Alibaba Group’s semiconductor subsidiary, T-Head, has deployed RISC-V-based processors across IoT and edge AI applications supporting logistics, smart cities, and industrial systems. The company has cited flexibility and ecosystem control as primary drivers, particularly for adapting silicon to region-specific deployment requirements.
In such environments, the ability to remove unused instructions, integrate domain accelerators, and optimise memory paths directly impacts unit economics and deployment scale.
Software Ecosystem Readiness for AI
Concerns around software maturity have historically constrained RISC-V adoption. That constraint is rapidly eroding. Linux kernel support is production-grade, and major AI frameworks, including TensorFlow and PyTorch, now support RISC-V targets through LLVM and GCC toolchains.
Enterprise Linux providers such as Canonical and Red Hat have expanded RISC-V support, signalling confidence in its operational viability. For AI workloads, this reduces friction across development, deployment, and lifecycle management, aligning RISC-V with enterprise expectations rather than experimental use cases.
As AI toolchains become increasingly architecture-agnostic, software readiness is shifting from a barrier to an accelerant.
Strategic and Geopolitical Considerations
Beyond performance and cost, RISC-V carries strategic implications for supply-chain resilience and technological sovereignty. Governments and enterprises seeking reduced dependency on foreign IP licensors increasingly view open instruction sets as strategic infrastructure.
India’s Ministry of Electronics and Information Technology has publicly endorsed RISC-V as part of its domestic semiconductor strategy. At the same time, European initiatives have positioned open architectures as foundations for sovereign compute projects. These moves reflect a convergence of technical, economic, and policy priorities around control and resilience.
For enterprises, this translates into reduced vendor lock-in, more substantial negotiating leverage, and long-term architectural optionality.
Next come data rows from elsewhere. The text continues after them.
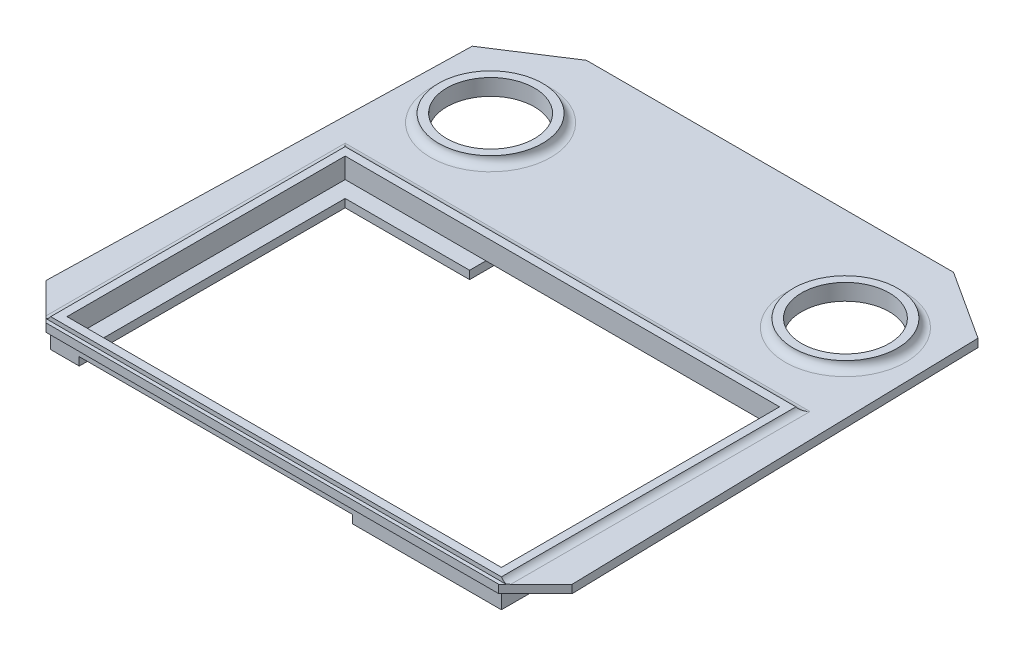
SolidWorks part; units mm, degrees
ref_plane "Front Plane" through (0, 0, 0) normal (0, 0, 1) x (1, 0, 0)
ref_plane "Top Plane" through (0, 0, 0) normal (0, 1, 0) x (1, 0, 0)
ref_plane "Right Plane" through (0, 0, 0) normal (1, 0, 0) x (0, 0, -1)
ref_axis "X Axis" through (-109.587, 0, 0) along (1, 0, 0)
ref_axis "Y Axis" through (0, 0, -140.1599) along (0, 0, 1)
ref_axis "Z Axis" through (0, 50.6832, 0) along (0, -1, 0)
ref_plane "LCD Plane" through (0, 24, 0) normal (0, 1, 0) x (1, 0, 0)
sketch "Sketch1" plane through (0, 24, 0) normal (0, 1, 0) x (1, 0, 0)
  line L0 (-55.25, 36.1) -> (55.25, 36.1)
  line L1 (-53.25, -34.1) -> (53.25, -34.1)
  line L2 (-53.25, -34.1) -> (-53.25, 34.1)
  line L3 (-53.25, 34.1) -> (53.25, 34.1)
  line L4 (53.25, -34.1) -> (53.25, 34.1)
  line L5 (-53.25, -34.1) -> (53.25, 34.1) construction
  line L6 (-53.25, 34.1) -> (53.25, -34.1) construction
  line L7 (55.25, -36.1) -> (55.25, 36.1)
  line L8 (-55.25, -36.1) -> (55.25, -36.1)
  line L9 (-55.25, -36.1) -> (-55.25, 36.1)
  point P0 (0, 0)
  point P3 (0, 0)
  dimension "D1" = 106.5
  dimension "D2" = 68.2
  dimension "D3" = 2
extrude "Boss-Extrude1" add sketch "Sketch1" along normal blind 5
sketch "Sketch2" plane through (0, 24, 0) normal (0, 1, 0) x (1, 0, 0)
  line L0 (-55.25, 36.1) -> (-55.25, -36.1)
  line L1 (-55.25, -36.1) -> (-48.25, -36.1)
  line L2 (55.25, -36.1) -> (55.25, 36.1)
  line L3 (55.25, 36.1) -> (48.25, 36.1)
  line L4 (-53.25, 34.1) -> (-53.25, -34.1) construction
  line L5 (-53.25, -34.1) -> (53.25, -34.1) construction
  line L6 (53.25, -34.1) -> (53.25, 34.1) construction
  line L7 (53.25, 34.1) -> (-53.25, 34.1) construction
  line L8 (-49.25, 30.1) -> (-49.25, -30.1)
  line L10 (49.25, -30.1) -> (49.25, 30.1)
  line L12 (-49.25, -30.1) -> (49.25, -30.1) construction
  line L13 (49.25, 30.1) -> (-49.25, 30.1) construction
  line L14 (-49.25, 30.1) -> (-18.75, 30.1)
  line L15 (-18.75, 30.1) -> (-18.75, 36.1)
  line L16 (49.25, 30.1) -> (48.25, 30.1)
  line L17 (48.25, 30.1) -> (48.25, 36.1)
  line L18 (-18.75, 36.1) -> (-55.25, 36.1)
  line L19 (-49.25, -30.1) -> (-48.25, -30.1)
  line L21 (49.25, -30.1) -> (18.75, -30.1)
  line L23 (-55.25, -36.1) -> (55.25, -36.1) construction
  line L24 (-48.25, -30.1) -> (-48.25, -36.1)
  line L25 (-53.25, -34.1) -> (53.25, -34.1) construction
  line L26 (18.75, -36.1) -> (55.25, -36.1)
  line L27 (-18.75, 30.1) -> (48.25, 30.1) construction
  line L28 (-48.25, -30.1) -> (18.75, -30.1) construction
  line L29 (18.75, -30.1) -> (18.75, -36.1)
  dimension "D1" = 4
  dimension "D2" = 67
  dimension "D3" = 1
extrude "Boss-Extrude2" add sketch "Sketch2" against normal blind 2
ref_plane "Stick Plane" through (0, 28, 0) normal (0, 1, 0) x (1, 0, 0)
sketch "Sketch4" plane through (0, 28, 0) normal (0, 1, 0) x (1, 0, 0)
  line L0 (0, 0) -> (0, 102.87) construction
  line L2 (-43.5, 60) -> (43.5, 60) construction
  circle A0 centre (-43.5, 60) radius 10.75
  circle A1 centre (43.5, 60) radius 10.75
  circle A2 centre (-43.5, 60) radius 12.75
  circle A3 centre (43.5, 60) radius 12.75
  point P4 (0, 60)
  point P6 (0, 0)
  dimension "D3" = 21.5
  dimension "D1" = 60
  dimension "D2" = 87
  dimension "D4" = 2
extrude "Boss-Extrude3" add sketch "Sketch4" along normal blind 2 separate body
sketch "Sketch5" plane through (0, 28, 0) normal (0, 1, 0) x (1, 0, 0)
  line L0 (-64.5, -28) -> (-62, 74)
  line L5 (-62, 74) -> (-45, 85)
  line L6 (-45, 85) -> (45, 85)
  line L7 (45, 85) -> (62, 74)
  line L8 (62, 74) -> (64.5, -28)
  line L9 (64.5, -28) -> (55.5, -37)
  line L10 (55.5, -37) -> (-55.5, -37)
  line L11 (-55.5, -37) -> (-64.5, -28)
  line L12 (0, 0) -> (0, -37) construction
  line L13 (0, 0) -> (0, 85) construction
  line L14 (-62, 74) -> (62, 74) construction
  line L15 (-64.5, -28) -> (64.5, -28) construction
  line L16 (-53.25, 34.1) -> (-53.25, -34.1)
  line L17 (-53.25, -34.1) -> (53.25, -34.1)
  line L18 (53.25, -34.1) -> (53.25, 34.1)
  line L19 (53.25, 34.1) -> (-53.25, 34.1)
  circle A0 centre (-43.5, 60) radius 10.75
  circle A1 centre (43.5, 60) radius 10.75
  dimension "D1" = 37
  dimension "D2" = 85
  dimension "D3" = 124
  dimension "D4" = 129
  dimension "D5" = 9
  dimension "D6" = 11
  dimension "D7" = 111
  dimension "D8" = 90
extrude "Boss-Extrude4" add sketch "Sketch5" against normal blind 2
fillet "Fillet2" radius 2 5 edges at (43.5, 28, -47.25) (-43.5, 28, -47.25) (55.25, 28, 0) (0, 28, -36.1) (-55.25, 28, 0)

Conclusion: Control as the New Source of Advantage
The adoption of RISC-V in AI-focused custom silicon reflects a more profound strategic shift. As AI workloads diversify and efficiency becomes a defining constraint, control over instruction sets, data movement, and architectural evolution is emerging as a competitive advantage.
Custom silicon is becoming a default path for serious AI differentiation. Open instruction sets make that path accessible beyond hyperscalers, enabling a broader set of organisations to innovate at the silicon layer.
In an environment where compute architecture increasingly shapes economic outcomes, RISC-V allows AI leaders to align hardware evolution with workload realities rather than external roadmaps. That alignment, more than cost reduction alone, defines its strategic case.